Shared Builder methods
Method | Description |
---|---|
messageIdColumnName(column) | If set, the specified Deephaven column will be populated with the unique message ID specified in the message header properties. If not set, the unique message ID will not be persisted. |
timestampColumnName(column) | If set, the specified Deephaven column will be populated with a timestamp indicating the wall-clock time when the message was consumed by the adapter. If not set, no timestamp will be persisted. |
solaceSendTimestampColumnName(column) | If set, the specified Deephaven column will be populated with the timestamp included in the BytesXMLMessage as the time when the message was sent, or null if the sender did not include a timestamp. If not set, sender timestamp information will not be persisted. |
solaceReceiveTimstampColumnName(column) | If set, the specified Deephaven column will be populated with the timestamp included in the BytesXMLMessage as the time when the message was received, or null if this was not enabled for this message. If not set, receive timestamp information will not be persisted. |
StringToTableWriterAdapter
Classes implementing this interface encapsulate the transformation of string data into Deephaven records.
JSONToTableWriterAdapter
This adapter will process the text as JSON, converting one JSON entry into one Deephaven record, with column definitions and translations defined at runtime.

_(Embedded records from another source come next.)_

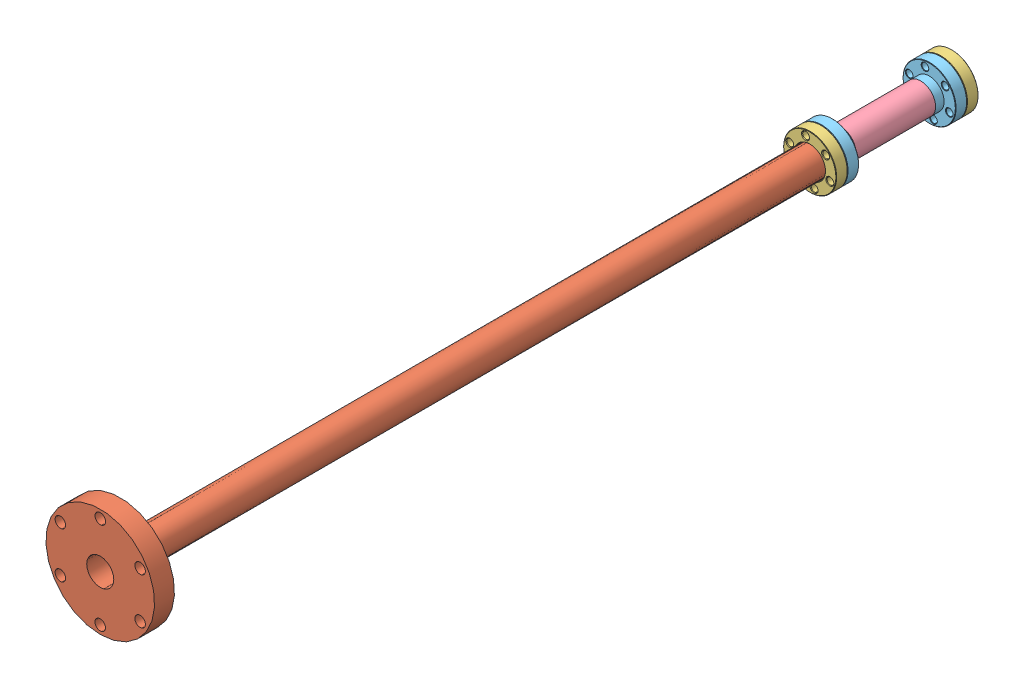
SolidWorks assembly slowertubeassembly, configuration Default. Lengths in mm.
Overall size (69.34 69.34 543.31).
8 component instances, 5 part files, 9 mates.
Components (placement in the parent):
- slower lip GP-3: slower lip GP [Default] at (0 0 209.55) x (0.999854 0.017065 0) z (0 0 1) size (20.57 20.57 3.3)
- slower long tube 09 21 10-1: slower long tube 09 21 10 [Default] at (0 0 294.259) x (1 0 0) z (0 -1 0) size (69.34 457.2 69.34)
- 915000-1: 915000 [Default] at (0 0 215.392) x (0.664273 -0.74749 0) z (0 0 1) size (33.78 33.78 7.24)
- slower bellows-1: slower bellows [Default] at (-11.8613 1.3763 260.2685) x (0.664273 -0.74749 0) z (0.74749 0.664273 0) size (33.78 76.2 33.78)
  - bellows tube-1: bellows tube [Default] at (8.9079 -18.6235 7.9519) size (19.05 50.8 19.05)
  - CF133flange-1: CF133flange [Default] at (8.9079 44.8765 7.9519) x (1 0 0) z (0 1 0) size (33.78 33.78 14.22)
  - CF133flange-2: CF133flange [Default] at (8.9079 -31.3235 7.9519) x (1 0 0) z (0 -1 0) size (33.78 33.78 14.22)
- 915000-2: 915000 [Default] at (0 0 291.592) x (-0.979482 -0.201532 0) z (0 0 -1) size (33.78 33.78 7.24)
Mates (geometry in assembly coordinates):
- Coincident11: coincident anti-aligned: plane of slower lip GP-3 through (0 0 209.55) normal (0 0 -1); plane of 915000-1 through (0 0 209.55) normal (0 0 1)
- Concentric16: concentric anti-aligned: circle of 915000-1; circle of slower bellows-1/CF133flange-1
- Coincident12: coincident anti-aligned: plane of 915000-1 through (0 0 215.392) normal (0 0 1); plane of slower bellows-1/CF133flange-1 through (0 0 215.392) normal (0 0 -1)
- Concentric17: concentric aligned: circle of 915000-1; circle of slower bellows-1/CF133flange-1
- Concentric18: concentric anti-aligned: circle of slower long tube 09 21 10-1; circle of 915000-2
- Coincident13: coincident anti-aligned: plane of slower long tube 09 21 10-1 through (0 0 297.434) normal (0 0 1); plane of 915000-2 through (0 0 297.434) normal (0 0 -1)
- Concentric19: concentric anti-aligned: circle of slower long tube 09 21 10-1; circle of slower bellows-1/CF133flange-2
- Concentric20: concentric anti-aligned: circle of slower bellows-1/CF133flange-2; circle of 915000-2
- Coincident14: coincident anti-aligned: plane of slower bellows-1/CF133flange-2 through (0 0 291.592) normal (0 0 1); plane of 915000-2 through (0 0 291.592) normal (0 0 -1)
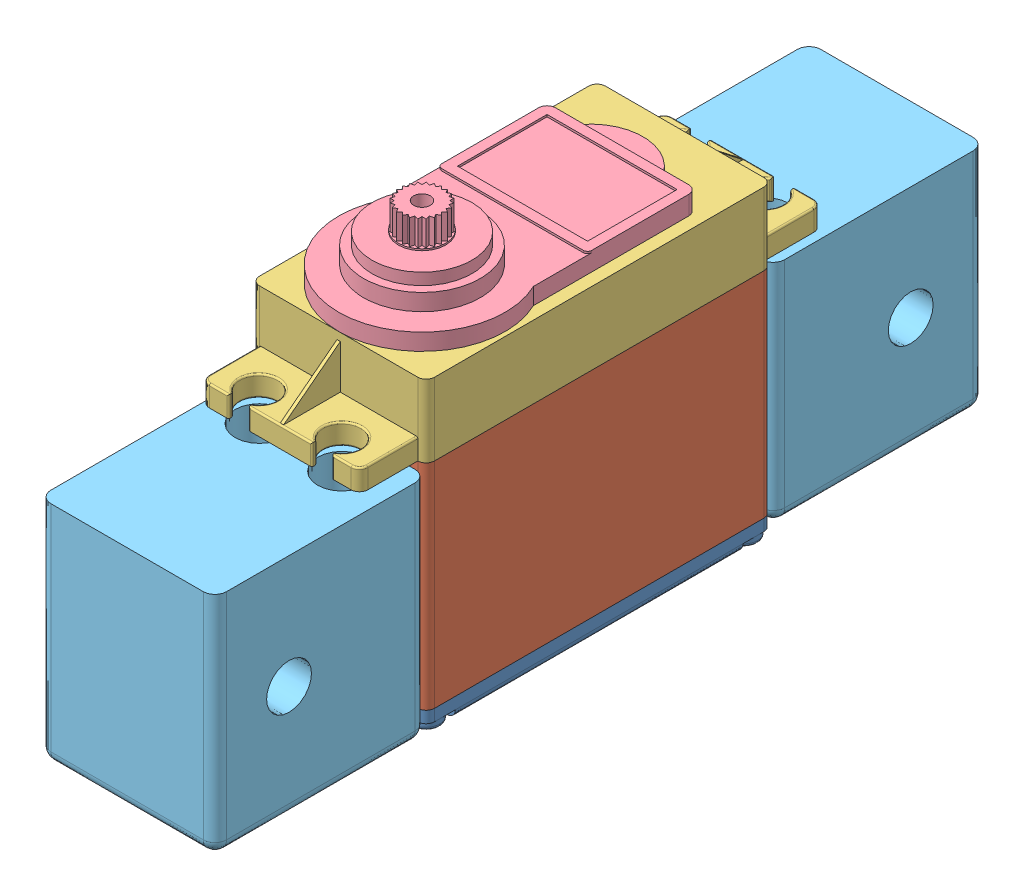
SolidWorks assembly MS-A-0013a-Hand Servo Mount Assembly, configuration Default. Lengths in mm.
Overall size (21.09 45.49 92.36).
7 component instances, 5 part files, 7 mates.
Components (placement in the parent):
- 11886-2: 11886 [Default] at (-16.5206 37.1922 18.007) size (21 45.43 55.5)
  - 11886_bottom-1: 11886_bottom [Default] at (2.2223 -4.2785 0.9275) size (21 2.43 41.5)
  - 11886_middle-1: 11886_middle [Default] at (2.2223 -1.8785 0.9275) size (21 25.7 42.9)
  - 11886_upper-1: 11886_upper [Default] at (6.1473 23.8215 -5.3225) size (21 8.72 55.5)
  - 11886_top-1: 11886_top [Default] at (2.2223 32.5215 0.7275) size (20 8.6 36.5)
- MS-P-0055-Hand Servo Mount-1: MS-P-0055-Hand Servo Mount [Default] at (-14.2513 32.8197 52.4125) x (0 0 1) z (-1 0 0) size (25.4 27.18 21.08)
- MS-P-0055-Hand Servo Mount-2: MS-P-0055-Hand Servo Mount [Default] at (-14.2513 33.8357 -14.5435) x (0 0 -1) z (1 0 0) size (25.4 27.18 21.08)
Mates (geometry in assembly coordinates):
- Concentric1: concentric anti-aligned: circle of 11886-2/11886_upper-1; circle of ClawServoSideMountLDPRT-1
- Parallel1: parallel aligned: plane of 11886-2/11886_bottom-1 through (-24.7983 32.9137 -1.8155) normal (0 -1 0); plane of ClawServoSideMount-1 through (-14.2513 32.8197 52.4125) normal (0 -1 0)
- Parallel2: parallel aligned: plane of 11886-2/11886_middle-1 through (-3.7983 61.0137 39.6845) normal (1 0 0); plane of ClawServoSideMount-1 through (-3.7103 59.9977 39.7125) normal (1 0 0)
- Concentric8: concentric anti-aligned: circle of 11886-2/11886_upper-1; circle of ClawServoSideMountLDPRT-2
- Parallel3: parallel aligned: plane of 11886-2/11886_middle-1 through (-3.7983 61.0137 39.6845) normal (1 0 0); plane of ClawServoSideMount-2 through (-3.7103 61.0137 -1.8435) normal (1 0 0)
- Parallel4: parallel aligned: plane of 11886-2/11886_bottom-1 through (-24.7983 32.9137 -1.8155) normal (0 -1 0); plane of ClawServoSideMount-2 through (-14.2513 33.8357 -14.5435) normal (0 -1 0)
- Distance2: distance = 1.016 mm anti-aligned: plane of ClawServoSideMount-1 through (-14.2513 59.9977 52.4125) normal (0 1 0); plane of 11886-2/11886_upper-1 through (-24.7983 61.0137 -1.8155) normal (0 -1 0)

The following properties are configurable.
Property | Description |
---|---|
JSONToTableWriterAdapter.consumerThreads - The number of threads the JSON adapter will use to process messages. Because parsing and retrieving values from JSON is slower than Deephaven can write to disk, the JSON adapter uses threading to parse multiple messages simultaneously and have them ready to write to disk. This is most notable when parsing large JSON objects (more than 50 fields per JSON object). Avoid having more threads than available cores or performance may degrade. In low-volume scenarios (under 1000 messages / second), one thread should be sufficient. Adding more threads than needed may decrease performance. Default 1 (single-threaded). | |
JSONToTableWriterAdapter.consumerWaitInterval | How long (in milliseconds) each adapter thread should wait to get a new JSON message when that thread is ready to receive messages. Default 100. |
JSONToTableWriterAdapter.consumerReportInterval | How long (in milliseconds) the JSON adapter should wait to report performance information on how many messages it processed over this timeframe. Default 60000 (one minute). |
JSONToTableWriterAdapter.Builder
The following additional methods are available for this extension of Builder.
Method | Description |
---|---|
addColumnToFieldMapping(column, field) | Use this method to specify a direct one-to-one mapping between a JSON field and a Deephaven column. |
autoValueMapping(boolean) | When set to true , any Deephaven columns that are not specifically mapped otherwise will be assumed to be mapped to a JSON field of the same name. When false , if any Deephaven columns are not specifically mapped to a JSON field, an exception will be thrown. |
allowUnmapped(column) | Indicate that a specific Deephaven column is not mapped to any JSON field and should be populated with null values, even if a JSON field of the same name exists. |
allowMissingKeys(boolean) | When true , JSON records with missing keys will pass a null value to Deephaven. When false , JSON records with null keys throw an exception and stop processing. |
allowNullValues(boolean) | When true , JSON fields with null values are passed to Deephaven as null values. When false , JSON fields with null values cause an exception to be thrown. |
addColumnTo<X>Function(column, to<X>Function) | Specify that a given Deephaven column should be populated by the output of a Function that takes in a JSON record and produces a value of the specified type. Initially available are Int, Long, and Double options. See the Complex Field Mappings section for more information. |
addColumnToFunction(column, returnType, function) | Specify that a given Deephaven column should be populated by the output of a Function that takes in a JSON record and produces a value of type returnType . |
Example
builder = new JSONToTableWriterAdapter.Builder()
.allowUnmapped("Status")
.allowUnmapped("Event")
.addColumnToFieldMapping("OriginalTimestamp", "Timestamp")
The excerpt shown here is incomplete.